::: Records to use
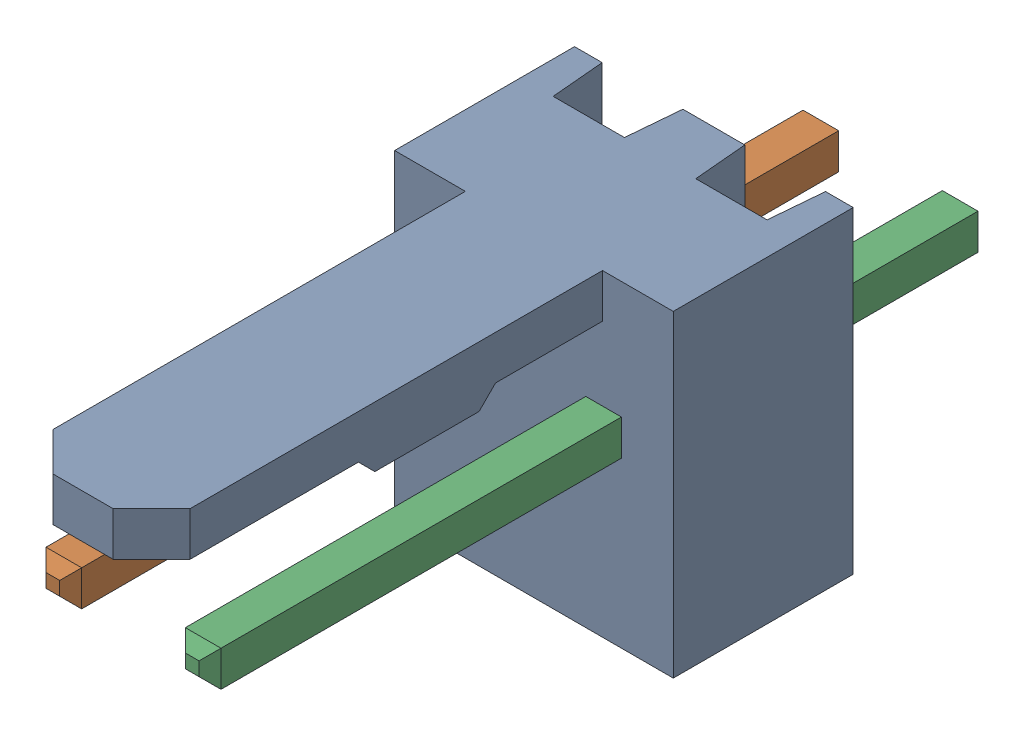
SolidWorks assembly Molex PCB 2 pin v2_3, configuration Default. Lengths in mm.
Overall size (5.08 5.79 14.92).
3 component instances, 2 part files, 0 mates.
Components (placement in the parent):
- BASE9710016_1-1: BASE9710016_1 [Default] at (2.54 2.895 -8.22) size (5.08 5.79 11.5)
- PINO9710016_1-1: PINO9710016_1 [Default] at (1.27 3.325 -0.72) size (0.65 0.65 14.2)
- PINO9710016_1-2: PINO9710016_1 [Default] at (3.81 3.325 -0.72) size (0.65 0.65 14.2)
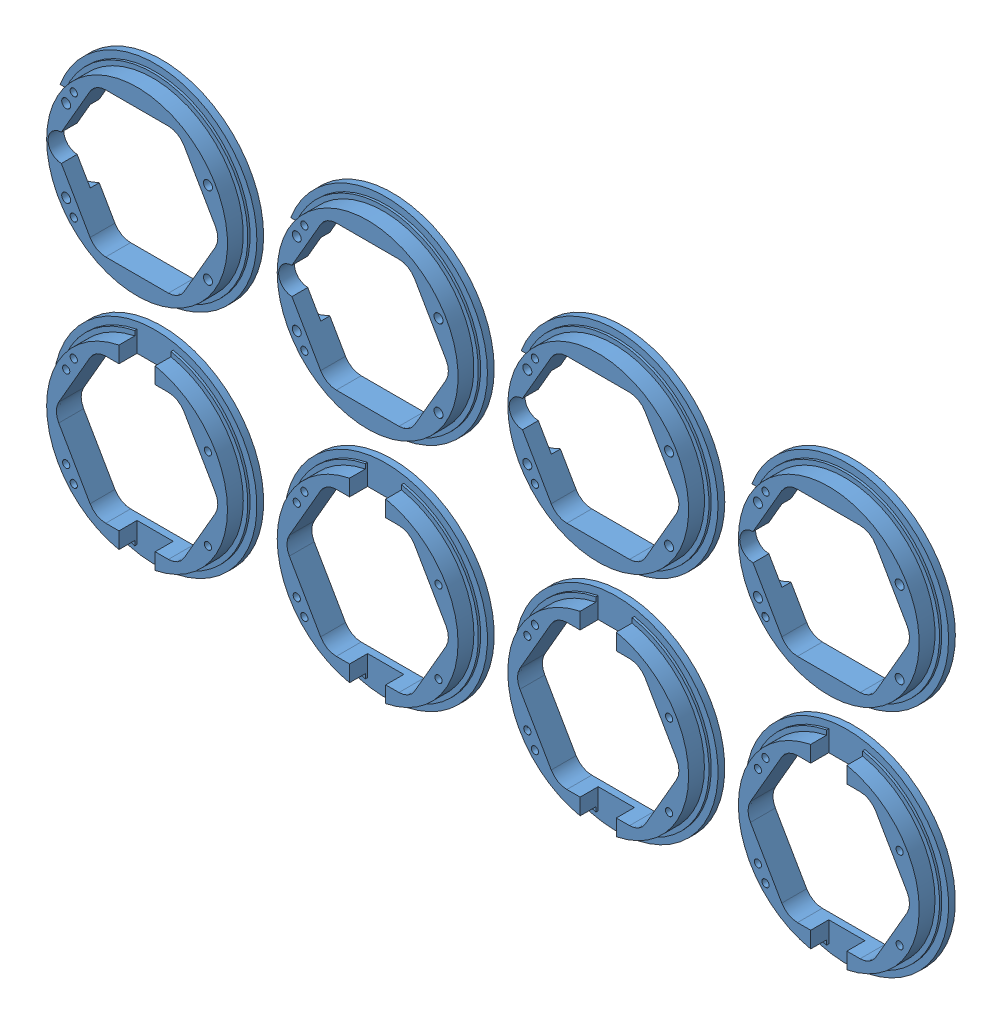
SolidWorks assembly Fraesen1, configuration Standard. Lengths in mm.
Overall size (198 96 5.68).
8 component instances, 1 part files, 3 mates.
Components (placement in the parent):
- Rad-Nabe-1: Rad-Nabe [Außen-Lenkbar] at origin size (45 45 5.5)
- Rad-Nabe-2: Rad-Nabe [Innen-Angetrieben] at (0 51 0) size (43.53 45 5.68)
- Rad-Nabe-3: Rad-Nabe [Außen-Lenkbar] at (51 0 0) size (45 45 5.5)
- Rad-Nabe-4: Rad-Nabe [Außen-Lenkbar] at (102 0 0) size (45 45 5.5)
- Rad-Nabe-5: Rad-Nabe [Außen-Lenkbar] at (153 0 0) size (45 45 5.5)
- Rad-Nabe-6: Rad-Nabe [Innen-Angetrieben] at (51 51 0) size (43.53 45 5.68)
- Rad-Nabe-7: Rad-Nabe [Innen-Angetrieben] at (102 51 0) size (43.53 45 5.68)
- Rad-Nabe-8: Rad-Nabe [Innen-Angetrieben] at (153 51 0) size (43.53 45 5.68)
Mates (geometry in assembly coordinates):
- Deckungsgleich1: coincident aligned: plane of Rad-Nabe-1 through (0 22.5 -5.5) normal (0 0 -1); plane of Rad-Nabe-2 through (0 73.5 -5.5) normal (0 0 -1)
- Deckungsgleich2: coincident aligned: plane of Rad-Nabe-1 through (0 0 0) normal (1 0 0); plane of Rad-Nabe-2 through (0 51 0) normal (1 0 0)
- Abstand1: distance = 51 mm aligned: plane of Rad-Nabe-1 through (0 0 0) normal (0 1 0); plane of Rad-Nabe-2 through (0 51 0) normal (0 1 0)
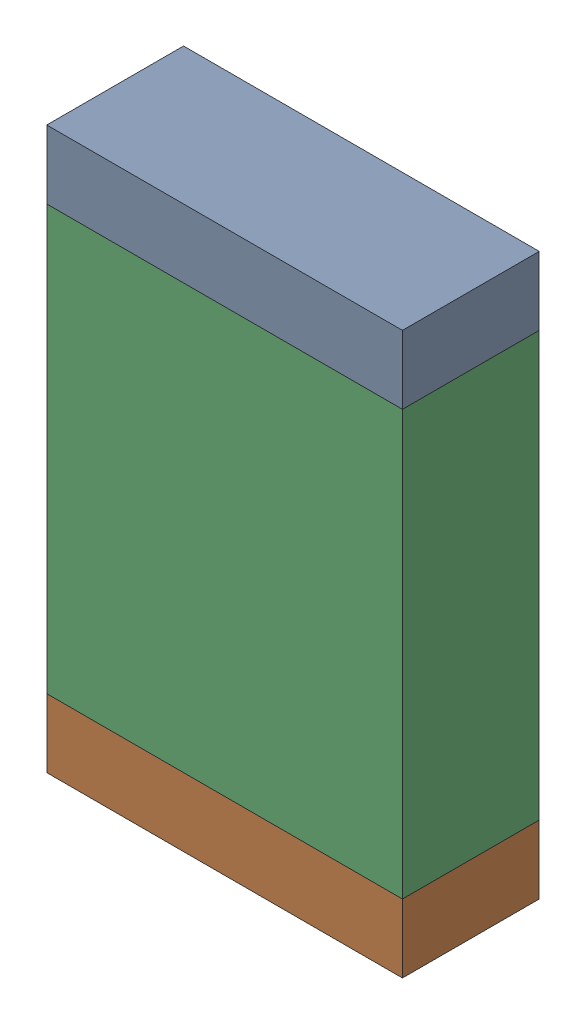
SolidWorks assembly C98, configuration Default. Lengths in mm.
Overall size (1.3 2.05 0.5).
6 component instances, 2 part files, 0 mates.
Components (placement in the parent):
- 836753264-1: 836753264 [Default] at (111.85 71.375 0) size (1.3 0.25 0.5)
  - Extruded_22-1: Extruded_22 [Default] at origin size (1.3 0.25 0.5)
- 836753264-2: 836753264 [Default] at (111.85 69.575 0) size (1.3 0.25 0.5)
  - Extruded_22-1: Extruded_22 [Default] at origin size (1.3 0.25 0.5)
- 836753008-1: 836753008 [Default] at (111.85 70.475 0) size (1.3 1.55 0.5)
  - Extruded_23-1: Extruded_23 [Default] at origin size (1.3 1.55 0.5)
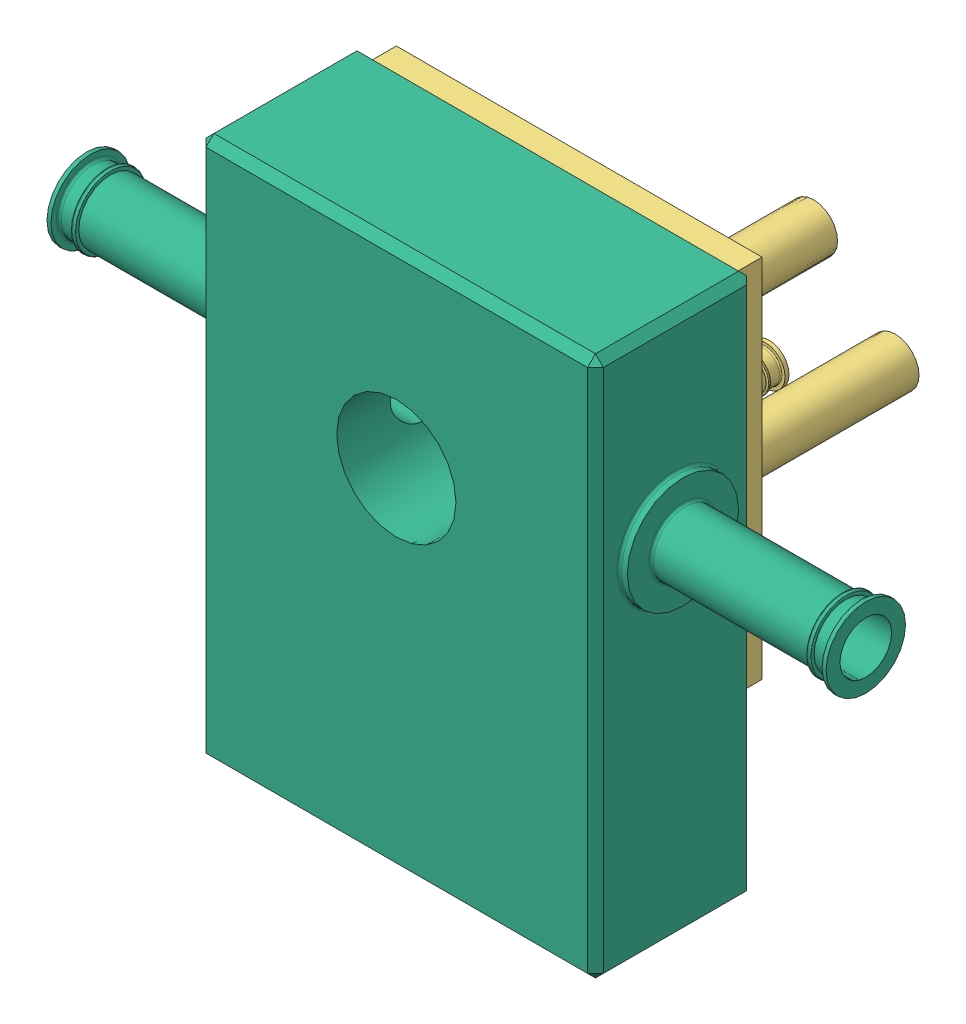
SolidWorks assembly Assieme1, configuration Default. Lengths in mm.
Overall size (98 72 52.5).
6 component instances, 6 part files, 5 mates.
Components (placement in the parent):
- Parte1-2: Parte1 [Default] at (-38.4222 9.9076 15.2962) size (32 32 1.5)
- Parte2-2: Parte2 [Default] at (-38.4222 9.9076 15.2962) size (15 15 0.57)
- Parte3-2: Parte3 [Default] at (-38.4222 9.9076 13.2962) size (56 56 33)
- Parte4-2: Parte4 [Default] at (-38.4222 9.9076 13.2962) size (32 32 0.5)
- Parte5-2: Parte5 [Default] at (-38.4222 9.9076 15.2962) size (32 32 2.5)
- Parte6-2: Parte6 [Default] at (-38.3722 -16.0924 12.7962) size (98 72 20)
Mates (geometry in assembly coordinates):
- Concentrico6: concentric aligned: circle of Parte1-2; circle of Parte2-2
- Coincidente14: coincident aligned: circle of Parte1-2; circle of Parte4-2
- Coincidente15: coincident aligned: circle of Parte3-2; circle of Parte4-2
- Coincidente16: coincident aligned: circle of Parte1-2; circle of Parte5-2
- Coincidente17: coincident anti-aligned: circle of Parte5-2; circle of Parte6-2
::::::
## What to work on
Give the entries again exactly. Pictures stay out.

## Task answer
SolidWorks assembly Molex PCB 2 pin v2_3, configuration Default. Lengths in mm.
Overall size (5.08 5.79 14.92).
3 component instances, 2 part files, 0 mates.
Components (placement in the parent):
- BASE9710016_1-1: BASE9710016_1 [Default] at (2.54 2.895 -8.22) size (5.08 5.79 11.5)
- PINO9710016_1-1: PINO9710016_1 [Default] at (1.27 3.325 -0.72) size (0.65 0.65 14.2)
- PINO9710016_1-2: PINO9710016_1 [Default] at (3.81 3.325 -0.72) size (0.65 0.65 14.2)
SolidWorks assembly Fraesen1, configuration Standard. Lengths in mm.
Overall size (198 96 5.68).
8 component instances, 1 part files, 3 mates.
Components (placement in the parent):
- Rad-Nabe-1: Rad-Nabe [Außen-Lenkbar] at origin size (45 45 5.5)
- Rad-Nabe-2: Rad-Nabe [Innen-Angetrieben] at (0 51 0) size (43.53 45 5.68)
- Rad-Nabe-3: Rad-Nabe [Außen-Lenkbar] at (51 0 0) size (45 45 5.5)
- Rad-Nabe-4: Rad-Nabe [Außen-Lenkbar] at (102 0 0) size (45 45 5.5)
- Rad-Nabe-5: Rad-Nabe [Außen-Lenkbar] at (153 0 0) size (45 45 5.5)
- Rad-Nabe-6: Rad-Nabe [Innen-Angetrieben] at (51 51 0) size (43.53 45 5.68)
- Rad-Nabe-7: Rad-Nabe [Innen-Angetrieben] at (102 51 0) size (43.53 45 5.68)
- Rad-Nabe-8: Rad-Nabe [Innen-Angetrieben] at (153 51 0) size (43.53 45 5.68)
Mates (geometry in assembly coordinates):
- Deckungsgleich1: coincident aligned: plane of Rad-Nabe-1 through (0 22.5 -5.5) normal (0 0 -1); plane of Rad-Nabe-2 through (0 73.5 -5.5) normal (0 0 -1)
- Deckungsgleich2: coincident aligned: plane of Rad-Nabe-1 through (0 0 0) normal (1 0 0); plane of Rad-Nabe-2 through (0 51 0) normal (1 0 0)
- Abstand1: distance = 51 mm aligned: plane of Rad-Nabe-1 through (0 0 0) normal (0 1 0); plane of Rad-Nabe-2 through (0 51 0) normal (0 1 0)
SolidWorks assembly C98, configuration Default. Lengths in mm.
Overall size (1.3 2.05 0.5).
6 component instances, 2 part files, 0 mates.
Components (placement in the parent):
- 836753264-1: 836753264 [Default] at (111.85 71.375 0) size (1.3 0.25 0.5)
  - Extruded_22-1: Extruded_22 [Default] at origin size (1.3 0.25 0.5)
- 836753264-2: 836753264 [Default] at (111.85 69.575 0) size (1.3 0.25 0.5)
  - Extruded_22-1: Extruded_22 [Default] at origin size (1.3 0.25 0.5)
- 836753008-1: 836753008 [Default] at (111.85 70.475 0) size (1.3 1.55 0.5)
  - Extruded_23-1: Extruded_23 [Default] at origin size (1.3 1.55 0.5)
SolidWorks assembly Assieme1, configuration Default. Lengths in mm.
Overall size (98 72 52.5).
6 component instances, 6 part files, 5 mates.
Components (placement in the parent):
- Parte1-2: Parte1 [Default] at (-38.4222 9.9076 15.2962) size (32 32 1.5)
- Parte2-2: Parte2 [Default] at (-38.4222 9.9076 15.2962) size (15 15 0.57)
- Parte3-2: Parte3 [Default] at (-38.4222 9.9076 13.2962) size (56 56 33)
- Parte4-2: Parte4 [Default] at (-38.4222 9.9076 13.2962) size (32 32 0.5)
- Parte5-2: Parte5 [Default] at (-38.4222 9.9076 15.2962) size (32 32 2.5)
- Parte6-2: Parte6 [Default] at (-38.3722 -16.0924 12.7962) size (98 72 20)
Mates (geometry in assembly coordinates):
- Concentrico6: concentric aligned: circle of Parte1-2; circle of Parte2-2
- Coincidente14: coincident aligned: circle of Parte1-2; circle of Parte4-2
- Coincidente15: coincident aligned: circle of Parte3-2; circle of Parte4-2
- Coincidente16: coincident aligned: circle of Parte1-2; circle of Parte5-2
- Coincidente17: coincident anti-aligned: circle of Parte5-2; circle of Parte6-2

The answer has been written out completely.